*Task details*.
Nothing but the lines from the one containing "#111=ORIENTED_EDGE('',*,*,#110,.T.);" through the one containing "#119=ORIENTED_EDGE('',*,*,#118,.T.);", both included, should be given again, each exactly as written below.

Records from a collection
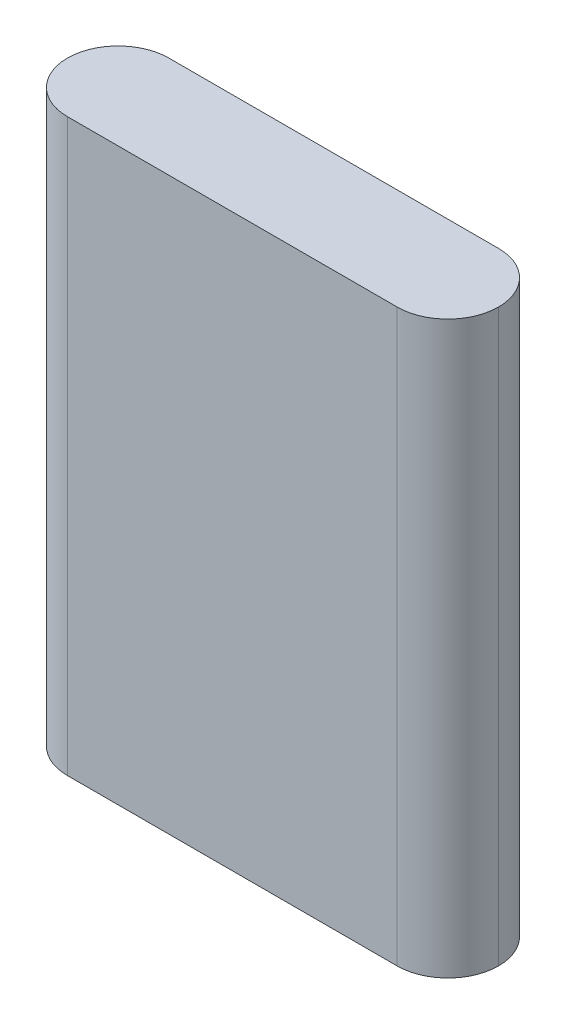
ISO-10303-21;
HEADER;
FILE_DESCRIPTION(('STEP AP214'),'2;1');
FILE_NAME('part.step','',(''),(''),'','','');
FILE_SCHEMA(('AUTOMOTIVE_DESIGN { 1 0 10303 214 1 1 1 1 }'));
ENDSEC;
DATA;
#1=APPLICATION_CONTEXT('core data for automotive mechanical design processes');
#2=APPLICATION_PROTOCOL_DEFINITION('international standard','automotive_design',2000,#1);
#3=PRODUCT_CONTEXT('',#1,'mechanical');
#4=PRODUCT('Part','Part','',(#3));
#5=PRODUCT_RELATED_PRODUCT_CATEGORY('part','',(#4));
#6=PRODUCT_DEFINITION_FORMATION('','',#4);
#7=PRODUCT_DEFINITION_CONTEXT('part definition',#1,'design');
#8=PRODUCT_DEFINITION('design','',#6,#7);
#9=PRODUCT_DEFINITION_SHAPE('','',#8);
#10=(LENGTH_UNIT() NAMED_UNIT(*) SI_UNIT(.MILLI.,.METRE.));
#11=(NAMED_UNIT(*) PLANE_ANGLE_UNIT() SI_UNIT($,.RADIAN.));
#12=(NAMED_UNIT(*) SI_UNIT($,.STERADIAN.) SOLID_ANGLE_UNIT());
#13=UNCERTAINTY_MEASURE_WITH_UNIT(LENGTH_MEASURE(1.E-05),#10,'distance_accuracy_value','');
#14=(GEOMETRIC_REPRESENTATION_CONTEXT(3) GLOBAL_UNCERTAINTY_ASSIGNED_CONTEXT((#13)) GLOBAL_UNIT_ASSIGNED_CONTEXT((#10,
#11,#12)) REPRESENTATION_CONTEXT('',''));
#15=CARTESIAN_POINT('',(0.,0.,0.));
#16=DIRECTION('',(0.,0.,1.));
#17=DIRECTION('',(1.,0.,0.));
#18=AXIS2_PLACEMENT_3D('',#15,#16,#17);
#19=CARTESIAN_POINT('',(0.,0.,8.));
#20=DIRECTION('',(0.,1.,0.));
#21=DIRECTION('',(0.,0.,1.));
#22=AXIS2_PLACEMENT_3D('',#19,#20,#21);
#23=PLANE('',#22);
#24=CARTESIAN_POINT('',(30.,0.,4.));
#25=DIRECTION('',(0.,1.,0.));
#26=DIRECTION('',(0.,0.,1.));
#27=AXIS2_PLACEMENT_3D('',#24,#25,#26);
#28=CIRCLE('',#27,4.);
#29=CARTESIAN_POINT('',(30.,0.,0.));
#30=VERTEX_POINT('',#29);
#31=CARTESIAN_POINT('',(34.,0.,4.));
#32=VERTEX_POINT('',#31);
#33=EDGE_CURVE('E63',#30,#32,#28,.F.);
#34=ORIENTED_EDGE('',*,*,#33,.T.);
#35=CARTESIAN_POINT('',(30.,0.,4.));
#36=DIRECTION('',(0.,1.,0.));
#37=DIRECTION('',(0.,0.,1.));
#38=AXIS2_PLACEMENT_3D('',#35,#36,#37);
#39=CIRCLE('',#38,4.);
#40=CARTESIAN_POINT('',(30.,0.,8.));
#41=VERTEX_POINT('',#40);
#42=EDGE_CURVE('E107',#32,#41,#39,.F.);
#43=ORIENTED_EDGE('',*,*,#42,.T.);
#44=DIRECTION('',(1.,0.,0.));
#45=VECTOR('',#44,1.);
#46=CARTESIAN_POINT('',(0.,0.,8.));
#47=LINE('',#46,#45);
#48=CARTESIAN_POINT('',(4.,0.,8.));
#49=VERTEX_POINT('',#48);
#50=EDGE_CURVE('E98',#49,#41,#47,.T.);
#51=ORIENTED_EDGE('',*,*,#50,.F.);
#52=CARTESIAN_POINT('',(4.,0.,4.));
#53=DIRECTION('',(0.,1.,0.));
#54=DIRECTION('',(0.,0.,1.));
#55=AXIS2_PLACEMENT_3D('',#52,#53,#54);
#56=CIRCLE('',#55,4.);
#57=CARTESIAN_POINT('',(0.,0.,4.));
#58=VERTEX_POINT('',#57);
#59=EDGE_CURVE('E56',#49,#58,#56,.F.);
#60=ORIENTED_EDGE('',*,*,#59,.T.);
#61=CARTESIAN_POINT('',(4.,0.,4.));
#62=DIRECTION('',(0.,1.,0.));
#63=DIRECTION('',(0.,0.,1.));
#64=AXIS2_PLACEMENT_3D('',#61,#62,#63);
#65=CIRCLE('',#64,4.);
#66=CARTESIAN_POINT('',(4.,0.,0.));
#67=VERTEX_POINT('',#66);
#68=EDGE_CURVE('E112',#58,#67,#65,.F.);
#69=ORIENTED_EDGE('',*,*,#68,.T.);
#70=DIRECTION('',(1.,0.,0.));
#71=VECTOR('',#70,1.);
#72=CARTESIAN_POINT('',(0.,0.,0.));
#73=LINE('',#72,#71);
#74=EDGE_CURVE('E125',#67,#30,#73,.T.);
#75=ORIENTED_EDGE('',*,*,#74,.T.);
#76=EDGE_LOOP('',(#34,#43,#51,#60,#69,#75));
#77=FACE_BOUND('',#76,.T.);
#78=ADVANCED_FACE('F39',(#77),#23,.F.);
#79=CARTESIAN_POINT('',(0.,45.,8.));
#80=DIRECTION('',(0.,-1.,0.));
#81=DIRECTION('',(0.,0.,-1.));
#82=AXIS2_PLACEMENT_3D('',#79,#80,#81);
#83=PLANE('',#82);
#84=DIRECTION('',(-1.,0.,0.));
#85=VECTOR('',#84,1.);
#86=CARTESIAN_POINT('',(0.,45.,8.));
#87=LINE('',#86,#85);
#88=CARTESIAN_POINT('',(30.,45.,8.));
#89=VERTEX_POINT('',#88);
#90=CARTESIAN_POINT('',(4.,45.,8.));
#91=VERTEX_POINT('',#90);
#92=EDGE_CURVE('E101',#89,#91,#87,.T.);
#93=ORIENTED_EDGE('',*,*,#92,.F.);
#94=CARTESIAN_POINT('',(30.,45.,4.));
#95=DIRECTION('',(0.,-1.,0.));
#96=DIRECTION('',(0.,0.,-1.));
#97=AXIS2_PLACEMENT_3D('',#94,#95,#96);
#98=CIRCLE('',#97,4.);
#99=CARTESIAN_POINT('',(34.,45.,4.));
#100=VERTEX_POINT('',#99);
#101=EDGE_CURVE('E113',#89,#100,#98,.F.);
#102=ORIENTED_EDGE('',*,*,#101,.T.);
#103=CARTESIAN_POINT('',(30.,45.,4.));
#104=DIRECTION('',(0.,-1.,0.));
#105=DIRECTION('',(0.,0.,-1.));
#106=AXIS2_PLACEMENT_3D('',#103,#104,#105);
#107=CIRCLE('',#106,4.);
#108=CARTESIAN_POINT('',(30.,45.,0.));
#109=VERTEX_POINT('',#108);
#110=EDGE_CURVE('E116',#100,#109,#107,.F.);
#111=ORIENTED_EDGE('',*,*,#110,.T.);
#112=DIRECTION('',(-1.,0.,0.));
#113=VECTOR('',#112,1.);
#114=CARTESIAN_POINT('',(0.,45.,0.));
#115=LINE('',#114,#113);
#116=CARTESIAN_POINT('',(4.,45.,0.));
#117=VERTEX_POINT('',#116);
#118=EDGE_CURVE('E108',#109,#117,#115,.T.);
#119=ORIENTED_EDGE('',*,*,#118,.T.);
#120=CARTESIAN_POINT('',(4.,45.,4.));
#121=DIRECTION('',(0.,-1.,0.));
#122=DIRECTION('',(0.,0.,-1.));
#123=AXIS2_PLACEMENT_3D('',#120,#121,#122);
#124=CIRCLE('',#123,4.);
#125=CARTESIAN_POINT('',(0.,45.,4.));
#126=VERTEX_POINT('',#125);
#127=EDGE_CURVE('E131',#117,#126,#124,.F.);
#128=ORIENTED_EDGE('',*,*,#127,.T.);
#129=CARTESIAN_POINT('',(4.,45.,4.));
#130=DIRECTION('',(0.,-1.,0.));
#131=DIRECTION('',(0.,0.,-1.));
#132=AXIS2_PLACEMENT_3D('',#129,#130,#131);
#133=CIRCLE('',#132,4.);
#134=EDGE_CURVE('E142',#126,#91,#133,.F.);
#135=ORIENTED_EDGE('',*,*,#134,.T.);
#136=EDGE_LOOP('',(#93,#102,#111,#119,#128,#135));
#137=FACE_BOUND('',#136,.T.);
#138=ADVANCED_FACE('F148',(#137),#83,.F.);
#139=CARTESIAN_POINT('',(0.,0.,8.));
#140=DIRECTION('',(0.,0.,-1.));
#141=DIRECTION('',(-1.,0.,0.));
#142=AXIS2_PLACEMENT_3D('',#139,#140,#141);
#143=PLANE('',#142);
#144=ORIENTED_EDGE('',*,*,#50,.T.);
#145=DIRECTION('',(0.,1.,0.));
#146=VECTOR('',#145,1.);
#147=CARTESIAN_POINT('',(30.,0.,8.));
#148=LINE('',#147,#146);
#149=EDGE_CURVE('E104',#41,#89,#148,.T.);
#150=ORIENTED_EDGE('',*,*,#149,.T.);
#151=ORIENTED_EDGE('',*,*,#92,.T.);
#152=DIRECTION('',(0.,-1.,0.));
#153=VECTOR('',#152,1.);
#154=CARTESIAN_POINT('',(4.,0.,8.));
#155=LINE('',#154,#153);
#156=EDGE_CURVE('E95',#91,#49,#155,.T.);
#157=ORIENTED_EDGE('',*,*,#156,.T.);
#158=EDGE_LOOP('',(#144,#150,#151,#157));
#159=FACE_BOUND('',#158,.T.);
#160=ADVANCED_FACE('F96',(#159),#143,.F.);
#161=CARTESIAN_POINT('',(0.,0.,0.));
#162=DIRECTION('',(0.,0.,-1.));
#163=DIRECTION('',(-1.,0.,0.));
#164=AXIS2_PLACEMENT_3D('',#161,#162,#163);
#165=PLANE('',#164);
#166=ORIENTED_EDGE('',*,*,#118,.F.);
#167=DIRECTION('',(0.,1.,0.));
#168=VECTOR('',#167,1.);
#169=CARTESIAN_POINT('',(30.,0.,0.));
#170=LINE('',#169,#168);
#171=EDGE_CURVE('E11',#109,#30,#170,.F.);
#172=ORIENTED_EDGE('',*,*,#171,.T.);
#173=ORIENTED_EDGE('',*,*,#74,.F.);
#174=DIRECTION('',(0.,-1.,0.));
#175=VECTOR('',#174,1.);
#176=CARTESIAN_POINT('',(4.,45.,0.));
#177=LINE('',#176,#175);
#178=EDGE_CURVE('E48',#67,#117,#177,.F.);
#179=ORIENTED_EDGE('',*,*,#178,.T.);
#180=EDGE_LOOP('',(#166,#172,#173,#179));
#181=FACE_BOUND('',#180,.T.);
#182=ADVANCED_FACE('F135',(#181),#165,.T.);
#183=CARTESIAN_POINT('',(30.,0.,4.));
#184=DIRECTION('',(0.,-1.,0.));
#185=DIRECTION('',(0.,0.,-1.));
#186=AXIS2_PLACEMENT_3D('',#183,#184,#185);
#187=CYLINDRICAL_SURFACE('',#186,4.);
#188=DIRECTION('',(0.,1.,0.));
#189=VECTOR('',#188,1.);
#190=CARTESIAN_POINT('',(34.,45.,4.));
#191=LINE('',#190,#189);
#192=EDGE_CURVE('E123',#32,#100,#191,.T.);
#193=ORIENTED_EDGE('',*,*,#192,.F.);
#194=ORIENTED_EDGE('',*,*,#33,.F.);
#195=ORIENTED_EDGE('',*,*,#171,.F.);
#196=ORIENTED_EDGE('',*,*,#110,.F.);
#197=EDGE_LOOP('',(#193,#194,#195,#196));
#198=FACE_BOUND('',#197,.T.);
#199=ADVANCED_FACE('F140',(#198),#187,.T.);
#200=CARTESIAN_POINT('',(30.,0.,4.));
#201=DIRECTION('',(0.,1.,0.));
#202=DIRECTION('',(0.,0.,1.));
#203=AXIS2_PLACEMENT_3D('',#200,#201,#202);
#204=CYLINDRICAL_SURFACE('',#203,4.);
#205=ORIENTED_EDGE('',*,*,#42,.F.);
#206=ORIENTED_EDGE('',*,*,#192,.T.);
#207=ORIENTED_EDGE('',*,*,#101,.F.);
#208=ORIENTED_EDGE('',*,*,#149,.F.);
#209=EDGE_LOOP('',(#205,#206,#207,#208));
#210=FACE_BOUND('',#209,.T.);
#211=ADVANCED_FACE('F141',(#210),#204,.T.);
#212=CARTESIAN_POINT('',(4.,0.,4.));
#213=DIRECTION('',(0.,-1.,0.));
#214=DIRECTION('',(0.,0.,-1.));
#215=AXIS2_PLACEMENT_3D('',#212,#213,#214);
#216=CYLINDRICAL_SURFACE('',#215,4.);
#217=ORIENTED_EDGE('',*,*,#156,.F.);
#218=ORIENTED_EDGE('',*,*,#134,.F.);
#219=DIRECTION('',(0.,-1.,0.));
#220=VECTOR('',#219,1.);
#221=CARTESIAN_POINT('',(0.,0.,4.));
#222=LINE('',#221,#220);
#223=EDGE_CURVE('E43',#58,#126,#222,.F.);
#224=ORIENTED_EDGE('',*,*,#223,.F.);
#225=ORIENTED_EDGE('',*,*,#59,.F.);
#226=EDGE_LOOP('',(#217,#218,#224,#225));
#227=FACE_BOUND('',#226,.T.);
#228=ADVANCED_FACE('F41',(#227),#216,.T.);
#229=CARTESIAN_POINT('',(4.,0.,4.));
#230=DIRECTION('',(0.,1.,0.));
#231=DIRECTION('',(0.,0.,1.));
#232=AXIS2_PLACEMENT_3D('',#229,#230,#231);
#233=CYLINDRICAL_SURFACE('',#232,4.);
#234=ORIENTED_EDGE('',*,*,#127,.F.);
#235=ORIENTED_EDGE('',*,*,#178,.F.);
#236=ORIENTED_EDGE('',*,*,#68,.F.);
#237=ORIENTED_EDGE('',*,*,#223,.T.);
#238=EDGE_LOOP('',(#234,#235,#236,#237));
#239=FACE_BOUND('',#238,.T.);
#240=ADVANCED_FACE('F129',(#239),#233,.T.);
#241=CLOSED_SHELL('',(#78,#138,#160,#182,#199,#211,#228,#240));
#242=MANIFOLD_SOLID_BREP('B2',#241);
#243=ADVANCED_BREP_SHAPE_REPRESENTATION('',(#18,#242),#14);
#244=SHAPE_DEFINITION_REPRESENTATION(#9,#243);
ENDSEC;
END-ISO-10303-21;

*Your solution*.
#111=ORIENTED_EDGE('',*,*,#110,.T.);
#112=DIRECTION('',(-1.,0.,0.));
#113=VECTOR('',#112,1.);
#114=CARTESIAN_POINT('',(0.,45.,0.));
#115=LINE('',#114,#113);
#116=CARTESIAN_POINT('',(4.,45.,0.));
#117=VERTEX_POINT('',#116);
#118=EDGE_CURVE('E108',#109,#117,#115,.T.);
#119=ORIENTED_EDGE('',*,*,#118,.T.);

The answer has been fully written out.